С и н и л к и н (уходя). Держать зло на людей — не в моих правилах.
Серебренников и Ломова одни.
Л о м о в а. ЭВМ какой-то, а не человек.
С е р е б р е н н и к о в. Скоро уж избавимся. Недолго ждать.
Л о м о в а (посмотрела на Серебренникова). И странно, сам Михаил Иванович такой широкий человек. Оптимист… А держит около себя сухаря.
С е р е б р е н н и к о в. Я и к Шахматову за пять лет привыкнуть не смог.
Переглянулись, как два понимающих друг друга человека.
Л о м о в а. К Владлену Семеновичу насчет квартиры для сына я бы в жизнь не пошла. И в крайисполком, к Каштанову, тоже с таким вопросом не сунешься. Валерик в море сейчас: хотелось к его приходу все обставить. Ну, чтобы дом наконец у человека был.
С е р е б р е н н и к о в. Дом, да, великое дело. Он ведь, кажется, у тебя… с дуринкой?
Л о м о в а.
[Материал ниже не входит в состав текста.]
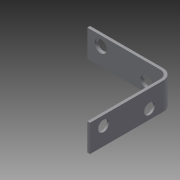
# Autodesk Inventor part: 30mmCornerBracket
Saved by Autodesk Inventor 2015 (Build 190159000, 159)
## iProperties
Created: 2015-04-22
Part Number: 30mmCornerBracket
Material: Generic
Document SubType Name: Modeling
Designer: krosie
Density: 1 g/cm^3
Appearance: Default
Author: krosie
Autodesk Inventor part; units mm, degrees
ref_plane "YZ Plane" through (0, 0, 0) normal (1, 0, 0) x (0, 1, 0)
ref_plane "XZ Plane" through (0, 0, 0) normal (0, 1, 0) x (-1, 0, 0)
ref_plane "XY Plane" through (0, 0, 0) normal (0, 0, 1) x (1, 0, 0)
sketch "Sketch1" plane through (0, 0, 0) normal (0, 0, 1) x (1, 0, 0)
  line L0 (0, 0) -> (27, 0)
  line L1 (30, -3) -> (30, -30)
  arc A0 (30, -3) -> (27, 0) centre (27, -3) ccw
  point P0 (30, 0)
  dimension "d0" = 30
  dimension "d1" = 30
  dimension "d7" = 3
  constraints: 4 end point, 2 point on circle, 2 point on line, 2 tangent, 1 centre point, 1 horizontal, 1 perpendicular
  measures "d0" distance of L0.start point (30, 0)
  measures "d1" distance of point (30, 0) L1.end
  measures "d7" radius of A0
sketch "Sketch2" plane through (0, 0, 0) normal (1, 0, 0) x (0, 1, 0)
  line L0 (0, 0) -> (0, -10)
  line L1 (0, -10) -> (1, -10)
  line L2 (1, -10) -> (1, 0)
  line L3 (1, 0) -> (0, 0)
  dimension "d2" = 10
  dimension "d3" = 1
  dimension "d4" = 10
  constraints: 8 end point, 2 perpendicular, 1 vertical
  measures "d2" distance of L0.start L0.end
  measures "d3" distance of L0.end L1.end
  measures "d4" distance of L1.end L2.end
sweep "Sweep1" add profiles "Sketch2" path "Sketch1"
hole "Hole1" at (5, 1, -3.5) direction (0, -1, 0) diameter 4 end through all
hole "Hole2" at (22, 1, -6.5) direction (0, -1, 0) diameter 4 end through all
hole "Hole3" at (31, -8, -6.5) direction (-1, 0, 0) diameter 4 end through all
hole "Hole4" at (31, -25, -3.5) direction (-1, 0, 0) diameter 4 end through all
chamfer "Chamfer1" distance 0.25 angle 45 4 edges at (5, 0, -5.5) (22, 0, -8.5) (30, -8, -4.5) (30, -25, -1.5)
body "Solid1"

Все позади, слава богу. Оправдали. Век я вам благодарна.
С е р е б р е н н и к о в (решительно). А я тут при чем? Парень благородство проявил. Девушку от хулиганья защищал. А предел допустимой самообороны — это дело тонкое…
Л о м о в а. Все-таки человека убил.
С е р е б р е н н и к о в (жестко). Не человека — зверя.
Л о м о в а. Свадьба в субботу. В пятницу «Челюскинец» возвращается. Значит, приглашаю вас… с супругой…
С е р е б р е н н и к о в. Алевтина Павловна какая уж гостья.
Л о м о в а. Так и не встает?
С е р е б р е н н и к о в. Четвертый год. (Усмехнувшись, быстро посмотрел на Ломову.) Может, мне за грехи это?
Л о м о в а. Уж какие у вас грехи!
С е р е б р е н н и к о в. А куда ты меня на свадьбу приглашаешь? К себе? Или в сыновью, гипотетическую, так сказать, квартиру? (Засмеялся.) Ну, ну, не унижай себя ни перед кем. Чур, только это мой свадебный подарок. Мне по магазинам строчить некогда.
Л о м о в а (горячо). Я все заявления, документы, в исполком месяц как отдала. И депутатская комиссия согласна. Только вот тот дом. На набережной… Там…
С е р е б р е н н и к о в. Ай-ай, как раскраснелась! За сына-то ведь горы можешь своротить? (Неожиданно, словно отстраняясь от Ломовой.)